# Fluffy



## catcoonz (Aug 4, 2012)

As my mind gets confused very easily i have made my life simplier by doing seperate threads for each ginger ninja. 

So, this is Fluffy.


----------



## cats galore (Jul 17, 2012)

beautiful:001_wub::001_wub:


----------



## spid (Nov 4, 2008)

Can I put them both up on the site and F B page nopw?


----------



## catcoonz (Aug 4, 2012)

Spid, not just yet, i need a vet check first and we may have homes for these 2 delightful boys. xxx


----------



## claire8234 (Mar 8, 2013)

oh how gorgeous - I sure people will be fighting to home this little one.

I had a Ginger Tom who was the most loving and soppy cat I have ever had!

x


----------



## sarahecp (Aug 22, 2011)

Look at that little face  absolutely adorable :001_wub:


----------



## chloe1975 (Mar 17, 2013)

He is so cute, i love ginger kittens (good job in our house at the mo!). he is adorable


----------



## Jazzy Belle (Jan 13, 2013)

Oh my goodness :001_tt1:


----------



## muffin789 (Jan 28, 2013)

Ooooh!!!!! How cute is he??!!! :001_wub:

Good job I'm spoken for


----------



## catcoonz (Aug 4, 2012)

Fluffy is going to his new home Tomorrow (friday evening).


----------



## catcoonz (Aug 4, 2012)

Fluffy has now gone to his wonderful new forever home.


----------



## j4nfr4n (Mar 10, 2013)

brilliant news CC enjoy your new forever home Fluffy


----------



## catcoonz (Aug 4, 2012)

They are both wonderful people and Fluffy will be spoilt.


----------



## cats galore (Jul 17, 2012)

j4nfr4n said:


> brilliant news CC enjoy your new forever home Fluffy


you know where he has gone don't you Mom? geoff paige's daughters bf's mom


----------



## j4nfr4n (Mar 10, 2013)

cats galore said:


> you know where he has gone don't you Mom? geoff paige's daughters bf's mom


yes i thought that was it but a bit slow today not to well


----------



## catcoonz (Aug 4, 2012)

Hope you feel better soon, just to cheer you up cg's next kitten will be called ERIC.


----------



## cats galore (Jul 17, 2012)

catcoonz said:


> Hope you feel better soon, just to cheer you up cg's next kitten will be called ERIC.


who's side are you on, i thought you were my friend


----------



## catcoonz (Aug 4, 2012)

:lol::lol:


----------



## j4nfr4n (Mar 10, 2013)

catcoonz said:


> Hope you feel better soon, just to cheer you up cg's next kitten will be called ERIC.

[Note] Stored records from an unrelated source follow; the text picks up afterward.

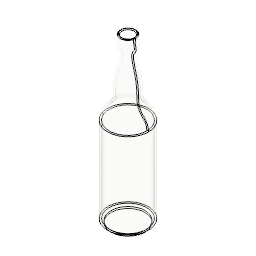
Soda_Bottle (Autodesk Fusion 360 design; units mm, degrees)
part number: 2026-02-11-10-47-13-960
Autodesk Fusion 360 part; units mm, degrees
sketch "Sketch1" plane through (0, 0, 0) normal (0, 0, 1) x (1, 0, 0)
  line L0 (0, 0) -> (0, 240)
  line L1 (0, 0) -> (30, 0)
  line L2 (30, 0) -> (30, 130)
  spline S0 degree 5 poles (30, 130) (30, 130.4916) (29.9839, 131.468) (29.9116, 132.9118) (29.704, 134.7945) (29.1841, 137.0746) (28.325, 139.2825) (27.0781, 141.426) (25.4631, 143.5242) (23.5923, 145.6106) (21.6303, 147.7292) (19.7624, 149.9322) (18.1589, 152.2777) (16.9439, 154.8263) (16.1539, 157.639) (15.7358, 160.7731) (15.5783, 164.2754) (15.5346, 168.1764) (15.4476, 172.4844) (15.1742, 177.179) (14.6107, 182.205) (13.7155, 187.4664) (12.5401, 192.817) (11.2138, 198.0754) (9.9084, 203.0492) (8.8109, 207.5569) (8.0917, 211.4506) (7.876, 214.6379) (8.2115, 217.1066) (9.043, 218.9429) (10.1687, 220.3666) (11.2535, 221.7141) (11.9722, 223.3043) (12.1093, 225.343) (11.7134, 227.7764) (11.0575, 230.332) (10.4811, 232.6734) (10.2706, 234.5183) (10.5195, 235.776) (11.0083, 236.6661) (11.3947, 237.5293) (11.4362, 238.3832) (11.2883, 239.1442) (11.1094, 239.7057) (11, 240) knots 0 0 0 0 0 0 0.025 0.05 0.075 0.1 0.125 0.15 0.175 0.2 0.225 0.25 0.275 0.3 0.325 0.35 0.375 0.4 0.425 0.45 0.475 0.5 0.525 0.55 0.575 0.6 0.625 0.65 0.675 0.7 0.725 0.75 0.775 0.8 0.825 0.85 0.875 0.9 0.925 0.95 0.975 1 1 1 1 1 1
  line L3 (30, 117.9219) -> (30, 142.0781)
  line L4 (0, 240) -> (11, 240)
  point P0 (27.2431, 141.0233)
  point P1 (17.6456, 153.4898)
  point P2 (14.3037, 183.7627)
  point P3 (8.8142, 218.2679)
  point P4 (11.9511, 224.1495)
  point P5 (10.3826, 234.3442)
  point P6 (11.1668, 237.0889)
  dimension "d1" = 240
  dimension "d2" = 30
  dimension "d3" = 130
  dimension "d7" = 11
  constraint coincident L0.start L1.start
  constraint vertical L0
  constraint perpendicular L0 L1
  constraint perpendicular L1 L2
  constraint midpoint L2.end L3
  constraint vertical L3
  constraint perpendicular L0 L4
  measures "d1" distance of L0.start L0.end
  measures "d2" distance of L0.start L1.end
  measures "d3" distance of L1.end L2.end
  measures "d7" distance of L0.end S0.end
revolve "Revolve1" add sketch "Sketch1" angle 360 about axis through (0, 0, 0) along (0, 1, 0)
fillet "Fillet1" radius 5 1 edges at (-27.9698, 0, -10.8485)
shell "Shell1" thickness 2.5 removed faces 1 at (-3.2467, 240, 0.051)
fillet "Fillet2" radius 1 2 edges at (-8.3327, 240, 0.0036) (-10.2556, 240, -3.9778)

thank you so much CC you have cheered me up so much i think i have always needed an eric in my life


----------



## danniandnala (Aug 31, 2012)

Nothing wrong with Eric xx


----------



## cats galore (Jul 17, 2012)

j4nfr4n said:


> thank you so much CC you have cheered me up so much i think i have always needed an eric in my life


ut:ut::lol::lol:


----------



## j4nfr4n (Mar 10, 2013)

cats galore said:


> ut:ut::lol::lol:


the only way i have been loopy is putting up with you daughter dear:001_tt2:


----------



## catcoonz (Aug 4, 2012)

You could have Eric and Erica.


----------



## j4nfr4n (Mar 10, 2013)

catcoonz said:


> You could have Eric and Erica.


perfect names sal will be pleased to know you have named them for her


----------



## j4nfr4n (Mar 10, 2013)

sorry about the punctuation being missing CC not with it tonight and my daughter is moaning about it.


----------



## cats galore (Jul 17, 2012)

catcoonz said:


> You could have Eric and Erica.


i need two kittens to be able to use both names


----------



## muffin789 (Jan 28, 2013)

I'd ROFLMAO if we could have a Bert and an Ernie 

Small things amuse small minds, apparently - I'll get my coat...


----------